WORK ITEM
Identify the line in which "entry:DoorLED=0;" appears, then reproduce that line and all remaining lines of the records word for word.

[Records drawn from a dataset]
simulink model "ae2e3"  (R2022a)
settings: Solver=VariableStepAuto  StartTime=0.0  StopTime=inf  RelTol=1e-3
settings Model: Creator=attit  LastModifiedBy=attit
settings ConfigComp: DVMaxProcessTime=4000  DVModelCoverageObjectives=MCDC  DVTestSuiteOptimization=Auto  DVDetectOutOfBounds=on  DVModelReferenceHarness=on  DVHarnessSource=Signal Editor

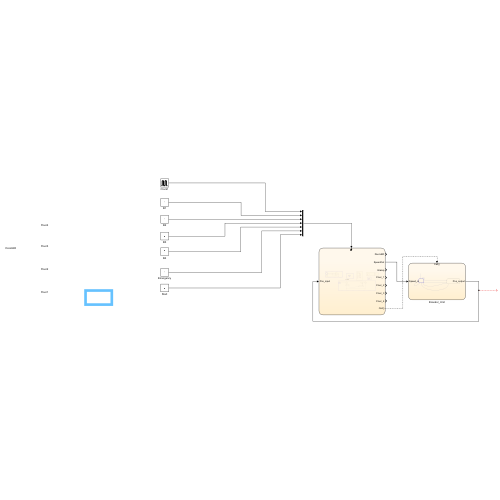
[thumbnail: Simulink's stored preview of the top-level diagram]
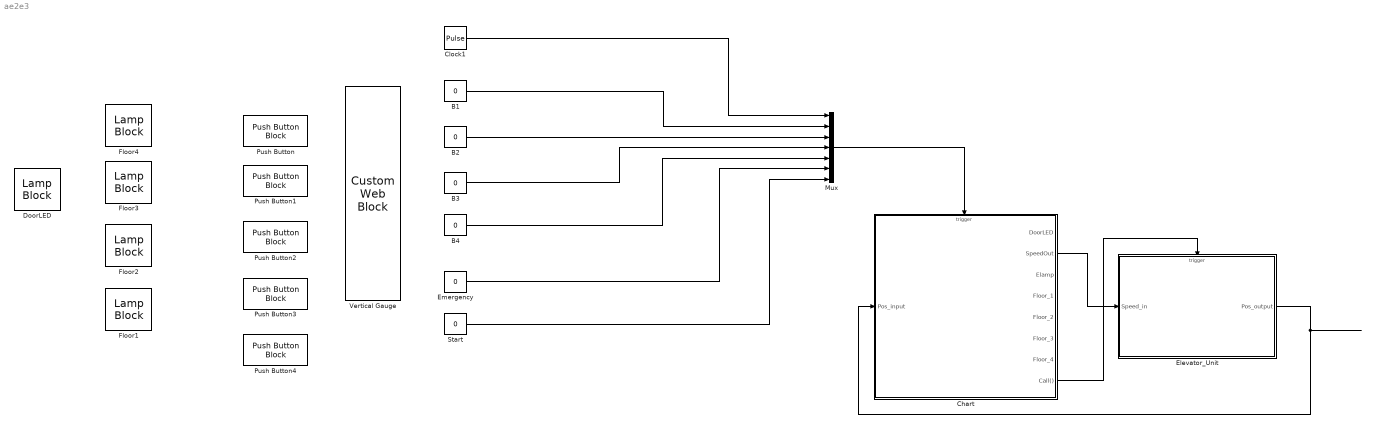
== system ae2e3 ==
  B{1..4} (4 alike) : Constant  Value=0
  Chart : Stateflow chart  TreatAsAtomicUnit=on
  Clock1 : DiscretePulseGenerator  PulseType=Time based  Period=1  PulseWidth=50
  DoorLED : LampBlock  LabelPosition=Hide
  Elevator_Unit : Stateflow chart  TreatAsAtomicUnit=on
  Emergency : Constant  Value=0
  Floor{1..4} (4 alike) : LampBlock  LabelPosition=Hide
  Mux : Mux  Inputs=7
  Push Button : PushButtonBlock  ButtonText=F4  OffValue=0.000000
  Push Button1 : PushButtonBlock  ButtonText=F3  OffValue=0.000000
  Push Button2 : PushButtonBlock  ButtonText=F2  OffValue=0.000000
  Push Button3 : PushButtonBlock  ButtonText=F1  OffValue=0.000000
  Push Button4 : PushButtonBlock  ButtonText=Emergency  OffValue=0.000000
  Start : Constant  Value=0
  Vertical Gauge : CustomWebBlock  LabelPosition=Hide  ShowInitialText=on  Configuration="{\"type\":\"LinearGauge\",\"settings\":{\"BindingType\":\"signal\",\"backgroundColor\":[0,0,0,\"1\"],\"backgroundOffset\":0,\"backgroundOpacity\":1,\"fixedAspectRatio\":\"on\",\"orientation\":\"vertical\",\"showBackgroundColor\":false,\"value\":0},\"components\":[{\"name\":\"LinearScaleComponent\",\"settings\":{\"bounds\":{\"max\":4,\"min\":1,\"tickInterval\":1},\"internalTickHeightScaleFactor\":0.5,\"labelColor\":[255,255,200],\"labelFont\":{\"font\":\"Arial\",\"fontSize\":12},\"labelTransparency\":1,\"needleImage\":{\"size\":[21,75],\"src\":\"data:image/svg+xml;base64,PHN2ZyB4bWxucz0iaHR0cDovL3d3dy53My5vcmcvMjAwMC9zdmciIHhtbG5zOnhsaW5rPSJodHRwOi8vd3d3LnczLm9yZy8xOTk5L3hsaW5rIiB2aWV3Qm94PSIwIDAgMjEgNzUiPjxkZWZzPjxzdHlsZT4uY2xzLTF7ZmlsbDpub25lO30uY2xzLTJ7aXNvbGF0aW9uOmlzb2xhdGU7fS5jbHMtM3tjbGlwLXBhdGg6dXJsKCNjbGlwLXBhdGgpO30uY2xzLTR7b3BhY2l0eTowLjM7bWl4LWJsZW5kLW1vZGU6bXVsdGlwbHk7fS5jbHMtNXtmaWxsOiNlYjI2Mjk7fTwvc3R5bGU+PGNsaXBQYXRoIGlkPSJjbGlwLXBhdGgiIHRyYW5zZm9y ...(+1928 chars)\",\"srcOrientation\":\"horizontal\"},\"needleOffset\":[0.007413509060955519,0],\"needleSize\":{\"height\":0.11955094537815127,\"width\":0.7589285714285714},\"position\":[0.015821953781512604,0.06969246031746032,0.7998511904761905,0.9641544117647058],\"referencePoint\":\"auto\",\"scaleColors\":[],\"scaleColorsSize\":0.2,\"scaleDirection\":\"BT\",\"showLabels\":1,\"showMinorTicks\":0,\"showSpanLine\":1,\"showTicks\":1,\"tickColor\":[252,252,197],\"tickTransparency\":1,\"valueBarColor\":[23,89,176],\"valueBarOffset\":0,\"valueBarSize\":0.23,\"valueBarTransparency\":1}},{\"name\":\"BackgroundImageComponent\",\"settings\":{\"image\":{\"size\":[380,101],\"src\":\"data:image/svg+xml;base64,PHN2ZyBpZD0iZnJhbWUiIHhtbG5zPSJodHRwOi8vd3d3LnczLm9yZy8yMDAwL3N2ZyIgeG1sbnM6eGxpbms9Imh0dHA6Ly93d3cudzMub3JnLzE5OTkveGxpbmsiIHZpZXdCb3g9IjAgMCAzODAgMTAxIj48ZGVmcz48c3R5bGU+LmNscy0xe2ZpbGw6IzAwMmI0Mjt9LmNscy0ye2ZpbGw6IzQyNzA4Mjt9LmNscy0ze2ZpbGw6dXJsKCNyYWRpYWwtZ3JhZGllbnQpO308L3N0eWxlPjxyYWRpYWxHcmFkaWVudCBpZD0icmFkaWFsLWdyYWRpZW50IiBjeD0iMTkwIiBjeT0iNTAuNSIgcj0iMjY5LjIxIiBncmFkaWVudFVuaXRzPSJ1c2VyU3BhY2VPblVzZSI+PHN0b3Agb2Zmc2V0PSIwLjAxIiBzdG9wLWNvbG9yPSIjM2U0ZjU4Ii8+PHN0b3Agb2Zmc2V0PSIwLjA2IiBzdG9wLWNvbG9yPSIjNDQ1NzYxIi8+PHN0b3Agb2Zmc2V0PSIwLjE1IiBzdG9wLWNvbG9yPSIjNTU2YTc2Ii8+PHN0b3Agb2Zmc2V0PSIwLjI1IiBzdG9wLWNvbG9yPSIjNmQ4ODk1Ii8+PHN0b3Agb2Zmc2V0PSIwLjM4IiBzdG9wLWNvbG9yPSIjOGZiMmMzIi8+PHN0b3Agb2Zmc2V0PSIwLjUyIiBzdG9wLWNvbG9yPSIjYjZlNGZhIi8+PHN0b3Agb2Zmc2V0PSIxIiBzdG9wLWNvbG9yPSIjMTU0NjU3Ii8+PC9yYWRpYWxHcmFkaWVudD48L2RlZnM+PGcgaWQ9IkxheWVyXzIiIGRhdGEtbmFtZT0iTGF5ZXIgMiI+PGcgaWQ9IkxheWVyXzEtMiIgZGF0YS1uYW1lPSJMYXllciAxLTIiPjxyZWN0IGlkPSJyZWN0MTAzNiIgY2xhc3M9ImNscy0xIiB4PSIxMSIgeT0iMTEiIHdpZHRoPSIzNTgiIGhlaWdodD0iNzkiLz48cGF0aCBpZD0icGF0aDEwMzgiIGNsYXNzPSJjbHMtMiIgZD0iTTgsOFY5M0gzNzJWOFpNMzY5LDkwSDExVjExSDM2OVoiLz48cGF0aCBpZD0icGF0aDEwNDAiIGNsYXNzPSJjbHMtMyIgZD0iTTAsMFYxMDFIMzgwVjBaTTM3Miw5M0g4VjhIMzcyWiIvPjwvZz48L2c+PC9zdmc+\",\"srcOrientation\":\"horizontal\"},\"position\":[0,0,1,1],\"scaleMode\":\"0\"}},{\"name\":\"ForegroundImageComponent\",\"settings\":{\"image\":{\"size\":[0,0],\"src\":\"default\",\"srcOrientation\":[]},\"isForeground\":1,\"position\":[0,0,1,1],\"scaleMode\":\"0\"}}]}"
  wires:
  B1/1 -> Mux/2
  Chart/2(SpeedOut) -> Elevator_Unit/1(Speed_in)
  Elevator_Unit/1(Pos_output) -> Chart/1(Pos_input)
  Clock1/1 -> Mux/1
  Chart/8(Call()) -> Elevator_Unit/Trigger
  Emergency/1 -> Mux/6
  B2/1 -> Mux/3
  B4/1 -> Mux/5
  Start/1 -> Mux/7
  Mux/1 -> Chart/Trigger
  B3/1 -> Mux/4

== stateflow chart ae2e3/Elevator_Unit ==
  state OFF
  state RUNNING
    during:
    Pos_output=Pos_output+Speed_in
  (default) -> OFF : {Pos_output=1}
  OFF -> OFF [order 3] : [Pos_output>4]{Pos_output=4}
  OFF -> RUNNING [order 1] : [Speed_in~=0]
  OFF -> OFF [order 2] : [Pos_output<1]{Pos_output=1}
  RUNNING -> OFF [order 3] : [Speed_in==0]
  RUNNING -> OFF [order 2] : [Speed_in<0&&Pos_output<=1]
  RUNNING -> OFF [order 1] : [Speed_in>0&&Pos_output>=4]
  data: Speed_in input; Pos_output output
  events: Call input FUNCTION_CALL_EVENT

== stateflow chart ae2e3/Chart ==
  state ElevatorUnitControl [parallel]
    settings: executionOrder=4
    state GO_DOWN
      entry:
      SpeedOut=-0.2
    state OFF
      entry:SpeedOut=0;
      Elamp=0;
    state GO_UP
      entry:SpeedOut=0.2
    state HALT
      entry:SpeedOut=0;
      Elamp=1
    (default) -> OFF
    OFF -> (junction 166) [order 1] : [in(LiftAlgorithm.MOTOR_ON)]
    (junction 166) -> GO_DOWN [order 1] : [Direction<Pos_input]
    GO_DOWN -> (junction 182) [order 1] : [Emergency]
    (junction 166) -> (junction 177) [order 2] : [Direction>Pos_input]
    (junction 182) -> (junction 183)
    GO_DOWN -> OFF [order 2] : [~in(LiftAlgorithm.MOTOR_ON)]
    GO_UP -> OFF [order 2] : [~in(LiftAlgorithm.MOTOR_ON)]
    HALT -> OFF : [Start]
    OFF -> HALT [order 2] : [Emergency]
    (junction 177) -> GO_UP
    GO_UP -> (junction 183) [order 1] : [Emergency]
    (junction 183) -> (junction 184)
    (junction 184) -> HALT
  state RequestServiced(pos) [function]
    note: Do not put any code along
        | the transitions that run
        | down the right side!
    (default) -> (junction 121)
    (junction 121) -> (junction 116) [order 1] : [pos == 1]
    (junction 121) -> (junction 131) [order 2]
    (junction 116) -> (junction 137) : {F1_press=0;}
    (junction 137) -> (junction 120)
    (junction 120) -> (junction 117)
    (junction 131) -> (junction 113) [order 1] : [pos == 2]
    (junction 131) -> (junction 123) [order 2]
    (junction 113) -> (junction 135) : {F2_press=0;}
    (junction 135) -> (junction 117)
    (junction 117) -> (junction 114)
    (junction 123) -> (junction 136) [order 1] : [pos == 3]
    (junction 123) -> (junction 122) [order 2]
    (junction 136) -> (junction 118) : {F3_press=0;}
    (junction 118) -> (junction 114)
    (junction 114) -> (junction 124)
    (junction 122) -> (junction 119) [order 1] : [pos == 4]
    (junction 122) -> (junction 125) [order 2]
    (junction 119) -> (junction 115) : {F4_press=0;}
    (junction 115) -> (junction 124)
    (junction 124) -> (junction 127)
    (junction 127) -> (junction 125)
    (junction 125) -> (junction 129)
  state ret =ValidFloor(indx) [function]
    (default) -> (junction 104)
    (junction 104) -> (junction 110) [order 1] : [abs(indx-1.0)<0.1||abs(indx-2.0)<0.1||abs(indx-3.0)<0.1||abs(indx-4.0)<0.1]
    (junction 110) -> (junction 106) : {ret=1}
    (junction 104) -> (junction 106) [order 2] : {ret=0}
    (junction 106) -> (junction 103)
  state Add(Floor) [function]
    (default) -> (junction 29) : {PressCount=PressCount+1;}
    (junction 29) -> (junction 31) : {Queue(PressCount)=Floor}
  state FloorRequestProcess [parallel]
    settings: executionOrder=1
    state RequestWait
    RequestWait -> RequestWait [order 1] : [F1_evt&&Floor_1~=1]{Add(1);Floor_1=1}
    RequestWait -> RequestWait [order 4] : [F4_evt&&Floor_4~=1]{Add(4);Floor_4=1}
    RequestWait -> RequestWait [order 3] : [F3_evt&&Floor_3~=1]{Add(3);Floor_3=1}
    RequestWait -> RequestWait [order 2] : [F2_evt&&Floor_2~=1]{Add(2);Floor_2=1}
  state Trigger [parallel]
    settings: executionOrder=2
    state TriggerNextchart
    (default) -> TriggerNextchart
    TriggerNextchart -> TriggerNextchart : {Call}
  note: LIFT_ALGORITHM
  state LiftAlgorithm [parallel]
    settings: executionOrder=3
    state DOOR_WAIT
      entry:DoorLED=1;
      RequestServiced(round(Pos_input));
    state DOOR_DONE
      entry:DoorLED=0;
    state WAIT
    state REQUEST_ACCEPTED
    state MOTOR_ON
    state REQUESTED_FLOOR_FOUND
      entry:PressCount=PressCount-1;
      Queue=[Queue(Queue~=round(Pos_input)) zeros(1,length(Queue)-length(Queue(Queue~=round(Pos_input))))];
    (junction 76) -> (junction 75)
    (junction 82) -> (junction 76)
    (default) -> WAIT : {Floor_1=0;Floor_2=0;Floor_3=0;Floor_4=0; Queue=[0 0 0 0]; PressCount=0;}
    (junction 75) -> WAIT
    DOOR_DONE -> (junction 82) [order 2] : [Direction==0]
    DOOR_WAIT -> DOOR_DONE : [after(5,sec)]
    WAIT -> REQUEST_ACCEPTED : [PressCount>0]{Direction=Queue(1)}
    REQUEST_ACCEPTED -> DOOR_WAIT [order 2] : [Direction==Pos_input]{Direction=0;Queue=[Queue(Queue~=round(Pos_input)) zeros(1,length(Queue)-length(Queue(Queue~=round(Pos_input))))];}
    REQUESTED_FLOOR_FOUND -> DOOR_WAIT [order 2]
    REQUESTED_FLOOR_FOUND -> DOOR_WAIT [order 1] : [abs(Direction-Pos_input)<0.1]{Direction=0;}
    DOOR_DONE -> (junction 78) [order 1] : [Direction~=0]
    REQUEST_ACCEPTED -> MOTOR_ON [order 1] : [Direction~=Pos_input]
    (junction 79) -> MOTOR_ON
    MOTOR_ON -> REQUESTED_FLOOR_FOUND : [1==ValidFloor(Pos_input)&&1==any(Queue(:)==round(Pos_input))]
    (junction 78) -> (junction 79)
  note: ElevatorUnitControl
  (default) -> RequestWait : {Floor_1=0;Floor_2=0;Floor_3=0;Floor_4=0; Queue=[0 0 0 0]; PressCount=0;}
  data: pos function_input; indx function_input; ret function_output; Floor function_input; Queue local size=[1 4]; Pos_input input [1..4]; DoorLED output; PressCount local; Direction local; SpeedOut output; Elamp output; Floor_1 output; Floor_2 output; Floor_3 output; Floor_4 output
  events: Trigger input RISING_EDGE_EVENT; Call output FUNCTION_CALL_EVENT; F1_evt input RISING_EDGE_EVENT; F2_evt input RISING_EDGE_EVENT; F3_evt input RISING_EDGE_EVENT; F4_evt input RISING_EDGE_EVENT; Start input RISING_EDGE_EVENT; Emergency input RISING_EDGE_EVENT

EXERCISE RESULT
      entry:DoorLED=0;
    state WAIT
    state REQUEST_ACCEPTED
    state MOTOR_ON
    state REQUESTED_FLOOR_FOUND
      entry:PressCount=PressCount-1;
      Queue=[Queue(Queue~=round(Pos_input)) zeros(1,length(Queue)-length(Queue(Queue~=round(Pos_input))))];
    (junction 76) -> (junction 75)
    (junction 82) -> (junction 76)
    (default) -> WAIT : {Floor_1=0;Floor_2=0;Floor_3=0;Floor_4=0; Queue=[0 0 0 0]; PressCount=0;}
    (junction 75) -> WAIT
    DOOR_DONE -> (junction 82) [order 2] : [Direction==0]
    DOOR_WAIT -> DOOR_DONE : [after(5,sec)]
    WAIT -> REQUEST_ACCEPTED : [PressCount>0]{Direction=Queue(1)}
    REQUEST_ACCEPTED -> DOOR_WAIT [order 2] : [Direction==Pos_input]{Direction=0;Queue=[Queue(Queue~=round(Pos_input)) zeros(1,length(Queue)-length(Queue(Queue~=round(Pos_input))))];}
    REQUESTED_FLOOR_FOUND -> DOOR_WAIT [order 2]
    REQUESTED_FLOOR_FOUND -> DOOR_WAIT [order 1] : [abs(Direction-Pos_input)<0.1]{Direction=0;}
    DOOR_DONE -> (junction 78) [order 1] : [Direction~=0]
    REQUEST_ACCEPTED -> MOTOR_ON [order 1] : [Direction~=Pos_input]
    (junction 79) -> MOTOR_ON
    MOTOR_ON -> REQUESTED_FLOOR_FOUND : [1==ValidFloor(Pos_input)&&1==any(Queue(:)==round(Pos_input))]
    (junction 78) -> (junction 79)
  note: ElevatorUnitControl
  (default) -> RequestWait : {Floor_1=0;Floor_2=0;Floor_3=0;Floor_4=0; Queue=[0 0 0 0]; PressCount=0;}
  data: pos function_input; indx function_input; ret function_output; Floor function_input; Queue local size=[1 4]; Pos_input input [1..4]; DoorLED output; PressCount local; Direction local; SpeedOut output; Elamp output; Floor_1 output; Floor_2 output; Floor_3 output; Floor_4 output
  events: Trigger input RISING_EDGE_EVENT; Call output FUNCTION_CALL_EVENT; F1_evt input RISING_EDGE_EVENT; F2_evt input RISING_EDGE_EVENT; F3_evt input RISING_EDGE_EVENT; F4_evt input RISING_EDGE_EVENT; Start input RISING_EDGE_EVENT; Emergency input RISING_EDGE_EVENT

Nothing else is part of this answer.